# [Information provided]

***

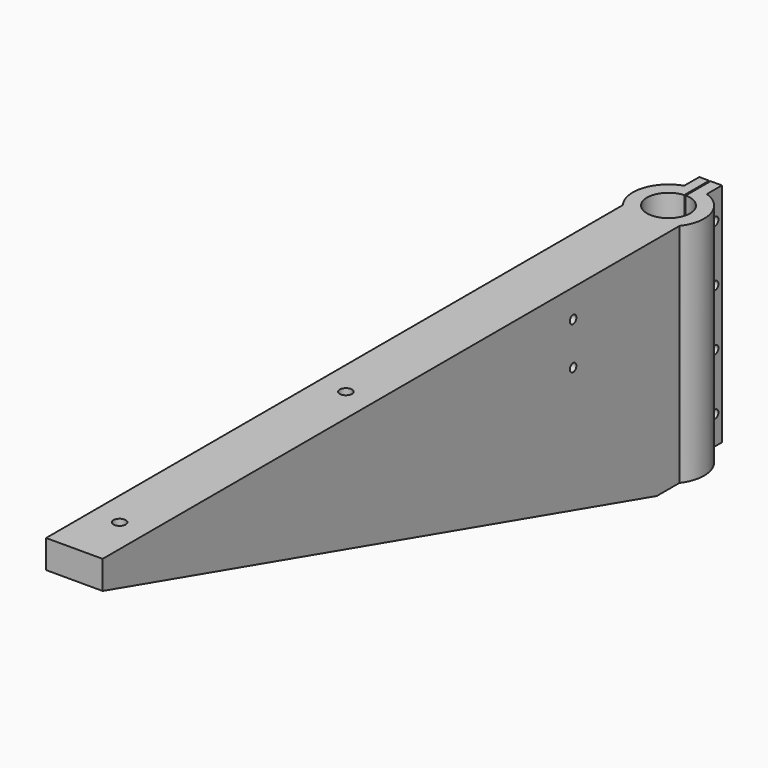
from build123d import *

# Parameters (mm, degrees)
F1_DEPTH  = 80
F0_R      = 7.6
F2_DEPTH  = 80
F3_R      = 2.15
F4_DEPTH  = 80.001
F5_R      = 3.65
F5_R_2    = 2.15
F6_DEPTH  = 70
F8_DEPTH  = 22.601
F10_DEPTH = 80.001
F11_R     = 1.45
F12_DEPTH = 16.601
F13_R     = 1.45
F14_DEPTH = 22.601


with BuildPart() as f1:
    # F0 (on Top) → F1 (new body)
    with BuildSketch(Plane.XY):
        with BuildLine():
            ThreePointArc((10, -7.6655071587), (0, -12.6), (-10, -7.6655071587))
            Line((-10, -7.6655071587), (-10, -262.6))
            Line((-10, -262.6), (10, -262.6))
            Line((10, -262.6), (10, -7.6655071587))
        make_face()
    extrude(amount=-F1_DEPTH)

    # F0 (on Top) → F2 (join)
    with BuildSketch(Plane.XY):
        with BuildLine():
            Line((-4, 18.6), (-4, 11.948221625))
            ThreePointArc((-4, 11.948221625), (-12.0488418199, 3.685839226), (-10, -7.6655071587))
            ThreePointArc((-10, -7.6655071587), (0, -12.6), (10, -7.6655071587))
            ThreePointArc((10, -7.6655071587), (12.0488418199, 3.685839226), (4, 11.948221625))
            Line((4, 11.948221625), (4, 18.6))
            Line((4, 18.6), (-4, 18.6))
        make_face()
        Circle(F0_R, mode=Mode.SUBTRACT)
    extrude(amount=-F2_DEPTH)

    # F3 (on face) → F4 (cut, through all)
    with BuildSketch(Plane.XY):
        with Locations((0, -142.6)):
            Circle(F3_R)
        with Locations((0, -242.6)):
            Circle(F3_R)
    extrude(amount=-F4_DEPTH, mode=Mode.SUBTRACT)

    # F5 (on face) → F6 (cut)
    with BuildSketch(Plane(origin=(0, 0, -80), x_dir=(1, 0, 0), z_dir=(0, 0, -1))):
        with Locations((0, 242.6)):
            Circle(F5_R)
        with Locations((0, 242.6)):
            Circle(F5_R_2, mode=Mode.SUBTRACT)
        with Locations((0, 142.6)):
            Circle(F5_R)
        with Locations((0, 142.6)):
            Circle(F5_R_2, mode=Mode.SUBTRACT)
    extrude(amount=-F6_DEPTH, mode=Mode.SUBTRACT)

    # F7 (on face) → F8 (cut, through all)
    with BuildSketch(Plane.YZ.offset(10)):
        Polygon((-262.6, -80), (-17.6655071587, -80), (-262.6, -10), align=None)
    extrude(amount=-F8_DEPTH, mode=Mode.SUBTRACT)

    # F9 (on face) → F10 (cut, through all)
    with BuildSketch(Plane.XY):
        with BuildLine():
            Line((0, 7.6), (0, 18.6))
            Line((0, 18.6), (-0.5, 18.6))
            Line((-0.5, 18.6), (-0.5, 7.5835347959))
            ThreePointArc((-0.5, 7.5835347959), (-0.2501355147, 7.5958825836), (0, 7.6))
        make_face()
        with BuildLine():
            ThreePointArc((0.5, 7.5835347959), (0.2501355147, 7.5958825836), (0, 7.6))
            Line((0, 7.6), (0, 0))
            Line((0, 0), (0.5, 0))
            Line((0.5, 0), (0.5, 7.5835347959))
        make_face()
        with BuildLine():
            Line((0, 0), (0, 7.6))
            ThreePointArc((0, 7.6), (-0.2501355147, 7.5958825836), (-0.5, 7.5835347959))
            Line((-0.5, 7.5835347959), (-0.5, 0))
            Line((-0.5, 0), (0, 0))
        make_face()
    extrude(amount=-F10_DEPTH, mode=Mode.SUBTRACT)

    # F11 (on face) → F12 (cut, through all)
    with BuildSketch(Plane.YZ.offset(4)):
        with Locations((15.6, -30)):
            Circle(F11_R)
        with Locations((15.6, -70)):
            Circle(F11_R)
        with Locations((15.6, -50)):
            Circle(F11_R)
        with Locations((15.6, -10)):
            Circle(F11_R)
    extrude(amount=-F12_DEPTH, mode=Mode.SUBTRACT)

    # F13 (on face) → F14 (cut, through all)
    with BuildSketch(Plane.YZ.offset(10)):
        with Locations((-54.6655071587, -10)):
            Circle(F13_R)
        with Locations((-54.6655071587, -25)):
            Circle(F13_R)
    extrude(amount=-F14_DEPTH, mode=Mode.SUBTRACT)


solid = f1.part

***

# [Task goal]
When copying the listing above, begin at its first line and stop after the line with "Line((10, -262.6), (10, -7.6655071587))", keeping each line exact and dropping the pictures.

# [Result]
from build123d import *

# Parameters (mm, degrees)
F1_DEPTH  = 80
F0_R      = 7.6
F2_DEPTH  = 80
F3_R      = 2.15
F4_DEPTH  = 80.001
F5_R      = 3.65
F5_R_2    = 2.15
F6_DEPTH  = 70
F8_DEPTH  = 22.601
F10_DEPTH = 80.001
F11_R     = 1.45
F12_DEPTH = 16.601
F13_R     = 1.45
F14_DEPTH = 22.601


with BuildPart() as f1:
    # F0 (on Top) → F1 (new body)
    with BuildSketch(Plane.XY):
        with BuildLine():
            ThreePointArc((10, -7.6655071587), (0, -12.6), (-10, -7.6655071587))
            Line((-10, -7.6655071587), (-10, -262.6))
            Line((-10, -262.6), (10, -262.6))
            Line((10, -262.6), (10, -7.6655071587))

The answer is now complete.